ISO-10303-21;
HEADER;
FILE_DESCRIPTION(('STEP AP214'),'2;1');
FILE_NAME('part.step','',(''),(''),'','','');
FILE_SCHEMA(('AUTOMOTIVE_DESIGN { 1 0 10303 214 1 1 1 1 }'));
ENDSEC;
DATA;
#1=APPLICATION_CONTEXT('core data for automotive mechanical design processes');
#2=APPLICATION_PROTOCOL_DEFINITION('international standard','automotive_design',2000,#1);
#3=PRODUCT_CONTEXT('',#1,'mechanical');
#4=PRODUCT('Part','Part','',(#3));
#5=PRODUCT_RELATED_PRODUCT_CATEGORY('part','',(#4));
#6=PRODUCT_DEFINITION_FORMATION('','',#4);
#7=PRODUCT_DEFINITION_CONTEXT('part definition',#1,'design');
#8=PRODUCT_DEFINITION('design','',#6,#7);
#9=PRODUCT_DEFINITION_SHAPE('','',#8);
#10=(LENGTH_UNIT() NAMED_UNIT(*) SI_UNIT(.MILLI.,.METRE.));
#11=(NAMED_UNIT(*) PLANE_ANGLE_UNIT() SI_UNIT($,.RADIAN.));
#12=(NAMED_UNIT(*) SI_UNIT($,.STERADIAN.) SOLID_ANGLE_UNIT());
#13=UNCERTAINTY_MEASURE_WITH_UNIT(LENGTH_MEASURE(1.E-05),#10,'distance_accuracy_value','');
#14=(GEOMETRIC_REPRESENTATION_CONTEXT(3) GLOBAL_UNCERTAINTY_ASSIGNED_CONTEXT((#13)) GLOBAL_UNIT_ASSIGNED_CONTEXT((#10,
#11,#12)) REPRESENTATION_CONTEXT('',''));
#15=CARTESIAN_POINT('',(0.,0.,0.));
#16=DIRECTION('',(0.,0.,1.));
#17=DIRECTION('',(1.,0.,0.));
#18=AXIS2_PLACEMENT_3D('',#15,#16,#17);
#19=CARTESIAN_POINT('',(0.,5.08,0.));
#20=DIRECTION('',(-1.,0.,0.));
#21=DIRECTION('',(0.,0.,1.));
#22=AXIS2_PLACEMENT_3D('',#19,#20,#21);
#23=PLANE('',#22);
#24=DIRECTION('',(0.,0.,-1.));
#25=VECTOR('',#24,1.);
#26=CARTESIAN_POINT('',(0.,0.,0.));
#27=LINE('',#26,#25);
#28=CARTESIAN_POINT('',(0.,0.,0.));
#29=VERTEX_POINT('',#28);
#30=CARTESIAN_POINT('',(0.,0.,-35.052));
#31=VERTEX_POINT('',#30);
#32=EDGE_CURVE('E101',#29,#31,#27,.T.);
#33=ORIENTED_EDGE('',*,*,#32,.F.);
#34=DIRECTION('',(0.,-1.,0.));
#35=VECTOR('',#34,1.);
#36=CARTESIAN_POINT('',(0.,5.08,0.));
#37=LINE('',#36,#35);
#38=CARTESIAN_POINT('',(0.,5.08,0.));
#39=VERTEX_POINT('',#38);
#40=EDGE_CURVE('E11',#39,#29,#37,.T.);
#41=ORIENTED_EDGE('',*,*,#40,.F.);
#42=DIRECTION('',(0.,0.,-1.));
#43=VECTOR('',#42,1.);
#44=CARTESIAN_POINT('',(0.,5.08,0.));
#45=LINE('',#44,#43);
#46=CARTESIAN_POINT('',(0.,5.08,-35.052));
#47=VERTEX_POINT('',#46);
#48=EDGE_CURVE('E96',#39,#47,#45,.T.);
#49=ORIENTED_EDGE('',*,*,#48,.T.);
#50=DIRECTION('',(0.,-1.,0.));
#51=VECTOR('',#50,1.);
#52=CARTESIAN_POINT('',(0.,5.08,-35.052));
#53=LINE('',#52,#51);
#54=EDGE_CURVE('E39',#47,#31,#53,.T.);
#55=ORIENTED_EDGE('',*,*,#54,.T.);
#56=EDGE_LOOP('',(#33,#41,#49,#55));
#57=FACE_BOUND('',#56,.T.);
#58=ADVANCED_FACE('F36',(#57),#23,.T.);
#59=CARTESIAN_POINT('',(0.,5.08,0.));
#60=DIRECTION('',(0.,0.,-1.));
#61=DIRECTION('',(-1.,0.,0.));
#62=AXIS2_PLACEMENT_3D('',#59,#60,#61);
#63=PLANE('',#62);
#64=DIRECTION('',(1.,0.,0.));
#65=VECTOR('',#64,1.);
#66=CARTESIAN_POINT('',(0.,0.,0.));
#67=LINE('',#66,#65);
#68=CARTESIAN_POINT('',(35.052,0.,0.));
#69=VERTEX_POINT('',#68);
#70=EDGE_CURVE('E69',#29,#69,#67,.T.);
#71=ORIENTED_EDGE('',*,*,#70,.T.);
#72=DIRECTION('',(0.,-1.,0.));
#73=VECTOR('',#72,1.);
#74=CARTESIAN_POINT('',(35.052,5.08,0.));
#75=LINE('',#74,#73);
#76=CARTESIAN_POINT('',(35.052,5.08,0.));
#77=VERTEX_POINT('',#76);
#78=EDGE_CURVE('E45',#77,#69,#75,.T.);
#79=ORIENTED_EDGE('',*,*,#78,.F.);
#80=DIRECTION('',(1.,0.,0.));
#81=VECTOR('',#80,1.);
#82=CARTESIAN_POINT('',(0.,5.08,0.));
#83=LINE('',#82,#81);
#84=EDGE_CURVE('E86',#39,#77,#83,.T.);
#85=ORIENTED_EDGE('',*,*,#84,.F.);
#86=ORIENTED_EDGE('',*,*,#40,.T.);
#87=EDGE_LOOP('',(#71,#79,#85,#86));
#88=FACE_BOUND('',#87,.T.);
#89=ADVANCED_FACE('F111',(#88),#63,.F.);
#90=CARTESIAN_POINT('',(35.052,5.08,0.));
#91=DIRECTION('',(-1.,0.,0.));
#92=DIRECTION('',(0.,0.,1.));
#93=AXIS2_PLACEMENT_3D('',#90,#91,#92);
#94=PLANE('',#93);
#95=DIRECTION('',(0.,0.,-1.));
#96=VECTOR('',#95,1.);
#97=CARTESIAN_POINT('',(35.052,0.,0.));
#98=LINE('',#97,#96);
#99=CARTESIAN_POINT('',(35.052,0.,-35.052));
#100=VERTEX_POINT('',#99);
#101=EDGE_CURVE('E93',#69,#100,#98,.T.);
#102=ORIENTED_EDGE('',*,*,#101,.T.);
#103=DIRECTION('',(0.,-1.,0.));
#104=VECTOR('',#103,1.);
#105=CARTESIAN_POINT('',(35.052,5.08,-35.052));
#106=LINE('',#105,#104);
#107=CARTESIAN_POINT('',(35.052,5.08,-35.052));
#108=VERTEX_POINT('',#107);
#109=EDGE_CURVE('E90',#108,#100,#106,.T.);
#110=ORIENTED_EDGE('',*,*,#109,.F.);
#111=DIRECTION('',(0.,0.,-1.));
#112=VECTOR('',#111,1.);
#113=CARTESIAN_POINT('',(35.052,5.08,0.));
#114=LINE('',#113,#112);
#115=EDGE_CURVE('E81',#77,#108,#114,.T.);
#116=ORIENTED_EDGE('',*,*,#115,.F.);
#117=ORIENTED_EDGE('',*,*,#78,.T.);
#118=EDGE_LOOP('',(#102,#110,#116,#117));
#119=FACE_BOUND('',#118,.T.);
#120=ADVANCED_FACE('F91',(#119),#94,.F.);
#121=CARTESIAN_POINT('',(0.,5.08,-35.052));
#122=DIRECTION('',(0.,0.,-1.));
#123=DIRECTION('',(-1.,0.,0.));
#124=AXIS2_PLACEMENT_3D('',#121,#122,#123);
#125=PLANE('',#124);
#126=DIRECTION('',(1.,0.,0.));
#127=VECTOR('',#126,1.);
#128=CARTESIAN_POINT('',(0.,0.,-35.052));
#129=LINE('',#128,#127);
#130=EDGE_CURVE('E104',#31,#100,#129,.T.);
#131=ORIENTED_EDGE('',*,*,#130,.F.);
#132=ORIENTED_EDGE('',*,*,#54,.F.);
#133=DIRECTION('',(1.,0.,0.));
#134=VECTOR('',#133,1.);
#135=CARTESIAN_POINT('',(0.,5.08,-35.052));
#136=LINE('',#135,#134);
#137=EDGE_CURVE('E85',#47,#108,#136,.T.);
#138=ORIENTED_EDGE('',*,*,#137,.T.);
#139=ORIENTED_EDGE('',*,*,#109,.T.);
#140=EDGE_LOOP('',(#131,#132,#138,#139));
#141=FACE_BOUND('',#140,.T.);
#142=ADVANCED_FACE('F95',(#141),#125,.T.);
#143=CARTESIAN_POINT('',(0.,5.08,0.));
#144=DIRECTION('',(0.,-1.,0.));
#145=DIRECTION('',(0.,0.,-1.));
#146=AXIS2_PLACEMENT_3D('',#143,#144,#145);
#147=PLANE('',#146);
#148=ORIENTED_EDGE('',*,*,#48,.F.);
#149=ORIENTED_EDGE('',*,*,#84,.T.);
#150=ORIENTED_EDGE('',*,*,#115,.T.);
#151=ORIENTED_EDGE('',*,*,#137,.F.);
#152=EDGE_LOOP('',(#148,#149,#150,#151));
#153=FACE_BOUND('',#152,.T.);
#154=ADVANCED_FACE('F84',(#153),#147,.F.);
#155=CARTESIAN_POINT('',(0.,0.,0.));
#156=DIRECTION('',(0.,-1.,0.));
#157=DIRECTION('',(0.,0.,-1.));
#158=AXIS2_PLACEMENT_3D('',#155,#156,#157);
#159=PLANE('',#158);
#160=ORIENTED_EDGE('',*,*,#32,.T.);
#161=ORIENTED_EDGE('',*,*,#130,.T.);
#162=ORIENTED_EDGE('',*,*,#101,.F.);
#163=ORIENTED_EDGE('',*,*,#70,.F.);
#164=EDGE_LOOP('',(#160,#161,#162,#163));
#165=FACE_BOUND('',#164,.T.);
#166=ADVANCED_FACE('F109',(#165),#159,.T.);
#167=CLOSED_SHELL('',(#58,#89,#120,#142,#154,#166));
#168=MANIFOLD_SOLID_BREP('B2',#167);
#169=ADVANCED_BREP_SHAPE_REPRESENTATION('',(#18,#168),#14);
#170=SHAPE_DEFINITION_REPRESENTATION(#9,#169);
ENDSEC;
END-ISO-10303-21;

__PROBLEM STATEMENT__.
Of the entries listed above, reproduce only the lines starting at the line containing "#48=EDGE_CURVE('E96',#39,#47,#45,.T.);" and ending at the line containing "#90=CARTESIAN_POINT('',(35.052,5.08,0.));". Include both, exactly as they stand.

__ANSWER BOX__.
#48=EDGE_CURVE('E96',#39,#47,#45,.T.);
#49=ORIENTED_EDGE('',*,*,#48,.T.);
#50=DIRECTION('',(0.,-1.,0.));
#51=VECTOR('',#50,1.);
#52=CARTESIAN_POINT('',(0.,5.08,-35.052));
#53=LINE('',#52,#51);
#54=EDGE_CURVE('E39',#47,#31,#53,.T.);
#55=ORIENTED_EDGE('',*,*,#54,.T.);
#56=EDGE_LOOP('',(#33,#41,#49,#55));
#57=FACE_BOUND('',#56,.T.);
#58=ADVANCED_FACE('F36',(#57),#23,.T.);
#59=CARTESIAN_POINT('',(0.,5.08,0.));
#60=DIRECTION('',(0.,0.,-1.));
#61=DIRECTION('',(-1.,0.,0.));
#62=AXIS2_PLACEMENT_3D('',#59,#60,#61);
#63=PLANE('',#62);
#64=DIRECTION('',(1.,0.,0.));
#65=VECTOR('',#64,1.);
#66=CARTESIAN_POINT('',(0.,0.,0.));
#67=LINE('',#66,#65);
#68=CARTESIAN_POINT('',(35.052,0.,0.));
#69=VERTEX_POINT('',#68);
#70=EDGE_CURVE('E69',#29,#69,#67,.T.);
#71=ORIENTED_EDGE('',*,*,#70,.T.);
#72=DIRECTION('',(0.,-1.,0.));
#73=VECTOR('',#72,1.);
#74=CARTESIAN_POINT('',(35.052,5.08,0.));
#75=LINE('',#74,#73);
#76=CARTESIAN_POINT('',(35.052,5.08,0.));
#77=VERTEX_POINT('',#76);
#78=EDGE_CURVE('E45',#77,#69,#75,.T.);
#79=ORIENTED_EDGE('',*,*,#78,.F.);
#80=DIRECTION('',(1.,0.,0.));
#81=VECTOR('',#80,1.);
#82=CARTESIAN_POINT('',(0.,5.08,0.));
#83=LINE('',#82,#81);
#84=EDGE_CURVE('E86',#39,#77,#83,.T.);
#85=ORIENTED_EDGE('',*,*,#84,.F.);
#86=ORIENTED_EDGE('',*,*,#40,.T.);
#87=EDGE_LOOP('',(#71,#79,#85,#86));
#88=FACE_BOUND('',#87,.T.);
#89=ADVANCED_FACE('F111',(#88),#63,.F.);
#90=CARTESIAN_POINT('',(35.052,5.08,0.));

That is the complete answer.